My parents gave me a check for $10,000 but I didn''t claim it on my taxes--should I have done that? EEEK!
 
As far as I know, you dont have to claim 10,000 because it is under 12,000 which is the gift limit or something...but I dont know about if it is more than 12,000. it seems silly to have to pay taxes on that, but I dont know if technically you would have to
 
Date: 4/23/2008 8:01:57 PM
Author: sunnygirl
As far as I know, you dont have to claim 10,000 because it is under 12,000 which is the gift limit or something...but I dont know about if it is more than 12,000. it seems silly to have to pay taxes on that, but I dont know if technically you would have to

We''re having our parents write checks directly to our venue so that we can avoid this issue.

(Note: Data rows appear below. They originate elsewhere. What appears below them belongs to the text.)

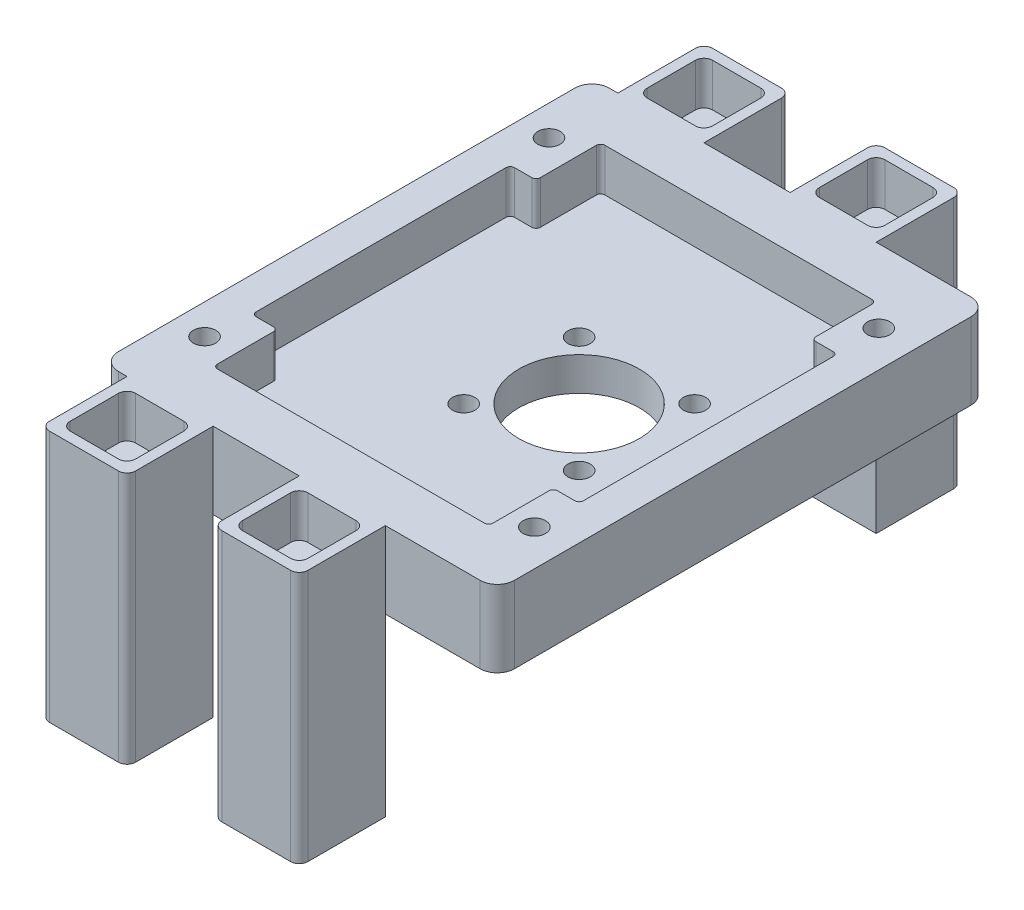
from build123d import *

# Parameters (mm, degrees)
SKETCH1_R            = 7
BOSS_EXTRUDE1_DEPTH  = 8.9
CUT_EXTRUDE1_REACH   = 42.255
SKETCH6_R            = 1.3
CIRPATTERN1_COUNT    = 4
CUT_EXTRUDE2_REACH   = 42.255
SKETCH7_R            = 1.3
CUT_EXTRUDE3_DEPTH   = 5
SKETCH10_W           = 10
SKETCH10_H           = 8.9
BOSS_EXTRUDE2_DEPTH  = 10
SKETCH11_W           = 10
SKETCH11_H           = 10
BOSS_EXTRUDE3_DEPTH  = 20.4
SKETCH12_W           = 7.6
SKETCH12_H           = 7.6
CUT_EXTRUDE4_DEPTH   = 5
CUT_EXTRUDE5_REACH   = 54.931
SKETCH13_R           = 1.7
FILLET1_R            = 1
FILLET1_OF_MIRROR2_R = 1
MIRROR3_START        = -20.4
MIRROR3_OUTLINE_R    = 1.7
MIRROR3_DEPTH        = 24.3
MIRROR3_START_2      = 3.9
MIRROR3_2_DEPTH      = 5
FILLET2_R            = 0.5


# Read off the part's stored shape, not the designer's step: Mirror3
with BuildPart() as part:
    # Sketch1 → Boss-Extrude1 (new body)
    with BuildSketch(Plane(origin=(0, 0, 0), x_dir=(1, 0, 0), z_dir=(0, 1, 0))):
        with BuildLine():
            Line((-25, -28.5), (17, -28.5))
            ThreePointArc((17, -28.5), (18.414213562, -27.914213562), (19, -26.5))
            Line((19, -26.5), (19, 26.5))
            ThreePointArc((19, 26.5), (18.414213562, 27.914213562), (17, 28.5))
            Line((17, 28.5), (-25, 28.5))
            ThreePointArc((-25, 28.5), (-26.414213562, 27.914213562), (-27, 26.5))
            Line((-27, 26.5), (-27, -26.5))
            ThreePointArc((-27, -26.5), (-26.414213562, -27.914213562), (-25, -28.5))
        make_face()
        with Locations(Location((0, 0, 0), (0, 0, 270))):
            Circle(SKETCH1_R, mode=Mode.SUBTRACT)
    extrude(amount=BOSS_EXTRUDE1_DEPTH)

    # Sketch6 → Cut-Extrude1 (cut, up to next)
    with BuildSketch(Plane(origin=(0, 8.9, 0), x_dir=(1, 0, 0), z_dir=(0, 1, 0)), mode=Mode.PRIVATE) as cut_extrude1_sk1:
        with Locations(Location((-6.703372286, -6.703372286, 0), (0, 0, 270))):
            Circle(SKETCH6_R)
    cut_extrude1_tool1 = extrude(cut_extrude1_sk1.sketch, amount=-CUT_EXTRUDE1_REACH, mode=Mode.PRIVATE) & part.part
    cut_extrude1 = cut_extrude1_tool1.solids().sort_by_distance((-6.703372, 8.9, 6.703372))[0]
    add(cut_extrude1, mode=Mode.SUBTRACT)

    # CirPattern1: Cut-Extrude1 ×4 about axis
    cirpattern1_axis = Axis((0, 0, 0), (0, 1, 0))
    for i in range(1, CIRPATTERN1_COUNT):
        add(cut_extrude1.rotate(cirpattern1_axis, i * 360 / CIRPATTERN1_COUNT), mode=Mode.SUBTRACT)

    # Sketch7 → Cut-Extrude2 (cut, up to next)
    with BuildSketch(Plane(origin=(0, 8.9, 0), x_dir=(1, 0, 0), z_dir=(0, 1, 0)), mode=Mode.PRIVATE) as cut_extrude2_sk1:
        with Locations(Location((-23.5, -20, 0), (0, 0, 270))):
            Circle(SKETCH7_R)
    cut_extrude2_tool1 = extrude(cut_extrude2_sk1.sketch, amount=-CUT_EXTRUDE2_REACH, mode=Mode.PRIVATE) & part.part
    # Sketch7 → Cut-Extrude2 (cut, up to next)
    with BuildSketch(Plane(origin=(0, 8.9, 0), x_dir=(1, 0, 0), z_dir=(0, 1, 0)), mode=Mode.PRIVATE) as cut_extrude2_sk2:
        with Locations(Location((-23.5, 20, 0), (0, 0, 270))):
            Circle(SKETCH7_R)
    cut_extrude2_tool2 = extrude(cut_extrude2_sk2.sketch, amount=-CUT_EXTRUDE2_REACH, mode=Mode.PRIVATE) & part.part
    # Sketch7 → Cut-Extrude2 (cut, up to next)
    with BuildSketch(Plane(origin=(0, 8.9, 0), x_dir=(1, 0, 0), z_dir=(0, 1, 0)), mode=Mode.PRIVATE) as cut_extrude2_sk3:
        with Locations(Location((14.8, -20, 0), (0, 0, 270))):
            Circle(SKETCH7_R)
    cut_extrude2_tool3 = extrude(cut_extrude2_sk3.sketch, amount=-CUT_EXTRUDE2_REACH, mode=Mode.PRIVATE) & part.part
    # Sketch7 → Cut-Extrude2 (cut, up to next)
    with BuildSketch(Plane(origin=(0, 8.9, 0), x_dir=(1, 0, 0), z_dir=(0, 1, 0)), mode=Mode.PRIVATE) as cut_extrude2_sk4:
        with Locations(Location((14.8, 20, 0), (0, 0, 270))):
            Circle(SKETCH7_R)
    cut_extrude2_tool4 = extrude(cut_extrude2_sk4.sketch, amount=-CUT_EXTRUDE2_REACH, mode=Mode.PRIVATE) & part.part
    add(cut_extrude2_tool1.solids().sort_by_distance((-23.5, 8.9, 20))[0], mode=Mode.SUBTRACT)
    add(cut_extrude2_tool2.solids().sort_by_distance((-23.5, 8.9, -20))[0], mode=Mode.SUBTRACT)
    add(cut_extrude2_tool3.solids().sort_by_distance((14.8, 8.9, 20))[0], mode=Mode.SUBTRACT)
    add(cut_extrude2_tool4.solids().sort_by_distance((14.8, 8.9, -20))[0], mode=Mode.SUBTRACT)

    # Sketch8 → Cut-Extrude3 (cut)
    with BuildSketch(Plane(origin=(0, 8.9, 0), x_dir=(1, 0, 0), z_dir=(0, 1, 0))):
        Polygon((-20, -15), (-20, -22.5), (12, -22.5), (12, -15), (15, -15), (15, 15), (12, 15), (12, 22.5), (-20, 22.5), (-20, 15), (-23, 15), (-23, -15), align=None)
    extrude(amount=-CUT_EXTRUDE3_DEPTH, mode=Mode.SUBTRACT)

    # Sketch10 → Boss-Extrude2 (add)
    with BuildSketch(Plane.XY.offset(28.5)):
        with Locations((-19, 4.45)):
            Rectangle(SKETCH10_W, SKETCH10_H)
    boss_extrude2 = extrude(amount=BOSS_EXTRUDE2_DEPTH)

    # Sketch11 → Boss-Extrude3 (add)
    with BuildSketch(Plane.XZ):
        with Locations((-19, 33.5)):
            Rectangle(SKETCH11_W, SKETCH11_H)
    boss_extrude3 = extrude(amount=BOSS_EXTRUDE3_DEPTH)

    # Sketch12 → Cut-Extrude4 (cut)
    with BuildSketch(Plane(origin=(0, 8.9, 0), x_dir=(1, 0, 0), z_dir=(0, 1, 0))):
        with Locations((-19, -33.5)):
            Rectangle(SKETCH12_W, SKETCH12_H)
    cut_extrude4 = extrude(amount=-CUT_EXTRUDE4_DEPTH, mode=Mode.SUBTRACT)

    # Sketch13 → Cut-Extrude5 (cut, up to next)
    with BuildSketch(Plane(origin=(0, 3.9, 0), x_dir=(1, 0, 0), z_dir=(0, 1, 0)), mode=Mode.PRIVATE) as cut_extrude5_sk1:
        with Locations(Location((-19, -33.5, 0), (0, 0, 270))):
            Circle(SKETCH13_R)
    cut_extrude5_tool1 = extrude(cut_extrude5_sk1.sketch, amount=-CUT_EXTRUDE5_REACH, mode=Mode.PRIVATE) & part.part
    cut_extrude5 = cut_extrude5_tool1.solids().sort_by_distance((-19, 3.9, 33.5))[0]
    add(cut_extrude5, mode=Mode.SUBTRACT)

    # Fillet1
    fillet1_edges = [part.edges().sort_by_distance(p)[0] for p in [
        (-24, -5.75, 38.5),
        (-14, -5.75, 38.5),
        (-22.8, 6.4, 29.7),
        (-22.8, 6.4, 37.3),
        (-15.2, 6.4, 37.3),
        (-15.2, 6.4, 29.7),
    ]]
    fillet(fillet1_edges, radius=FILLET1_R)

    # Mirror2: Boss-Extrude2, Boss-Extrude3, Cut-Extrude4, Cut-Extrude5 across plane
    add(boss_extrude2.mirror(Plane.ZY.offset(9)))
    add(boss_extrude3.mirror(Plane.ZY.offset(9)))
    add(cut_extrude4.mirror(Plane.ZY.offset(9)), mode=Mode.SUBTRACT)
    add(cut_extrude5.mirror(Plane.ZY.offset(9)), mode=Mode.SUBTRACT)

    # Fillet1 of Mirror2
    fillet1_of_mirror2_edges = [part.edges().sort_by_distance(p)[0] for p in [
        (6, -5.75, 38.5),
        (-4, -5.75, 38.5),
        (4.8, 6.4, 29.7),
        (4.8, 6.4, 37.3),
        (-2.8, 6.4, 37.3),
        (-2.8, 6.4, 29.7),
    ]]
    fillet(fillet1_of_mirror2_edges, radius=FILLET1_OF_MIRROR2_R)

    # Mirror3 outline → Mirror3 (add)
    # profile 1 of 2: a face of its own
    with BuildSketch(Plane(origin=(0, 0, 0), x_dir=(1, 0, 0), z_dir=(0, 1, 0)).offset(MIRROR3_START)):
        with BuildLine():
            ThreePointArc((-23, 38.5), (-23.707106781, 38.207106781), (-24, 37.5))
            Line((-24, 37.5), (-24, 28.5))
            Line((-24, 28.5), (-14, 28.5))
            Line((-14, 28.5), (-14, 37.5))
            ThreePointArc((-14, 37.5), (-14.292893219, 38.207106781), (-15, 38.5))
            Line((-15, 38.5), (-23, 38.5))
        make_face()
        with Locations((-19, 33.5)):
            Circle(MIRROR3_OUTLINE_R, mode=Mode.SUBTRACT)
    # profile 2 of 2: a face of its own
    with BuildSketch(Plane(origin=(0, 0, 0), x_dir=(1, 0, 0), z_dir=(0, 1, 0)).offset(MIRROR3_START)):
        with BuildLine():
            Line((-4, 37.5), (-4, 28.5))
            Line((-4, 28.5), (6, 28.5))
            Line((6, 28.5), (6, 37.5))
            ThreePointArc((6, 37.5), (5.707106781, 38.207106781), (5, 38.5))
            Line((5, 38.5), (-3, 38.5))
            ThreePointArc((-3, 38.5), (-3.707106781, 38.207106781), (-4, 37.5))
        make_face()
        with Locations((1, 33.5)):
            Circle(MIRROR3_OUTLINE_R, mode=Mode.SUBTRACT)
    extrude(amount=MIRROR3_DEPTH)

    # Mirror3 2 outline → Mirror3 2 (add)
    # profile 1 of 2: a face of its own
    with BuildSketch(Plane(origin=(0, 0, 0), x_dir=(1, 0, 0), z_dir=(0, 1, 0)).offset(MIRROR3_START_2)):
        with BuildLine():
            ThreePointArc((-23, 38.5), (-23.707106781, 38.207106781), (-24, 37.5))
            Line((-24, 37.5), (-24, 28.5))
            Line((-24, 28.5), (-14, 28.5))
            Line((-14, 28.5), (-14, 37.5))
            ThreePointArc((-14, 37.5), (-14.292893219, 38.207106781), (-15, 38.5))
            Line((-15, 38.5), (-23, 38.5))
        make_face()
        with BuildLine():
            ThreePointArc((-21.8, 29.7), (-22.507106781, 29.992893219), (-22.8, 30.7))
            Line((-22.8, 30.7), (-22.8, 36.3))
            ThreePointArc((-22.8, 36.3), (-22.507106781, 37.007106781), (-21.8, 37.3))
            Line((-21.8, 37.3), (-16.2, 37.3))
            ThreePointArc((-16.2, 37.3), (-15.492893219, 37.007106781), (-15.2, 36.3))
            Line((-15.2, 36.3), (-15.2, 30.7))
            ThreePointArc((-15.2, 30.7), (-15.492893219, 29.992893219), (-16.2, 29.7))
            Line((-16.2, 29.7), (-21.8, 29.7))
        make_face(mode=Mode.SUBTRACT)
    # profile 2 of 2: a face of its own
    with BuildSketch(Plane(origin=(0, 0, 0), x_dir=(1, 0, 0), z_dir=(0, 1, 0)).offset(MIRROR3_START_2)):
        with BuildLine():
            Line((-4, 37.5), (-4, 28.5))
            Line((-4, 28.5), (6, 28.5))
            Line((6, 28.5), (6, 37.5))
            ThreePointArc((6, 37.5), (5.707106781, 38.207106781), (5, 38.5))
            Line((5, 38.5), (-3, 38.5))
            ThreePointArc((-3, 38.5), (-3.707106781, 38.207106781), (-4, 37.5))
        make_face()
        with BuildLine():
            Line((-2.8, 30.7), (-2.8, 36.3))
            ThreePointArc((-2.8, 36.3), (-2.507106781, 37.007106781), (-1.8, 37.3))
            Line((-1.8, 37.3), (3.8, 37.3))
            ThreePointArc((3.8, 37.3), (4.507106781, 37.007106781), (4.8, 36.3))
            Line((4.8, 36.3), (4.8, 30.7))
            ThreePointArc((4.8, 30.7), (4.507106781, 29.992893219), (3.8, 29.7))
            Line((3.8, 29.7), (-1.8, 29.7))
            ThreePointArc((-1.8, 29.7), (-2.507106781, 29.992893219), (-2.8, 30.7))
        make_face(mode=Mode.SUBTRACT)
    extrude(amount=MIRROR3_2_DEPTH)

    # Fillet2
    fillet2_edges = [part.edges().sort_by_distance(p)[0] for p in [
        (-23, 6.4, -15),
        (-20, 6.4, -15),
        (-20, 6.4, -22.5),
        (12, 6.4, -22.5),
        (12, 6.4, -15),
        (15, 6.4, -15),
        (15, 6.4, 15),
        (12, 6.4, 15),
        (12, 6.4, 22.5),
        (-20, 6.4, 22.5),
        (-20, 6.4, 15),
        (-23, 6.4, 15),
    ]]
    fillet(fillet2_edges, radius=FILLET2_R)


solid = part.part

I think you do need to claim it if it is over $12,000.
 
Date: 4/23/2008 7:50:29 PM
Author: sunnygirl
for those of you whose parents are paying for all/part of the wedding, did they pay individual vendors or did they give you a check? If someone gives you a big check (say 20k like Gwyn), do you have to claim it as a gift on your taxes?

My mother gave us 2 checks so far (one for 5K to get things rolling when we got engaged, and another for 6K a few weeks ago (both checks given in different years) she also used her credit card to pay for venue deposits and such. All of this to avoid tax issues and such. And so she could get points/miles on her credit card. For some reason I thought 10K was the gift limit, probably varies by state or something annoying like that. We just keeps track of what she spends/gives us =) At the end, she will write a check for whats left, if any.
 
Gift limit is $12,000 per person per year. So technically a parent could gift you $12,000 and your FI another $12,000 and none of it would be taxed :)

Regarding our budget split...my dad will be covering about half. FI and I plan to contribute probably a quarter or more. We haven't heard from his parents what, if any, they would contribute. He wanted to wait until we were officially engaged before he had the "budget talk" with them (we started planning things out before the actual engagement). That may also be why they haven't said anything yet. He's pretty sure they will want to contribute, but not really sure how much. But even if they can't/won't, we should be able to still cover the difference ourselves in cash...would just have to be a bit more careful about not going too much over.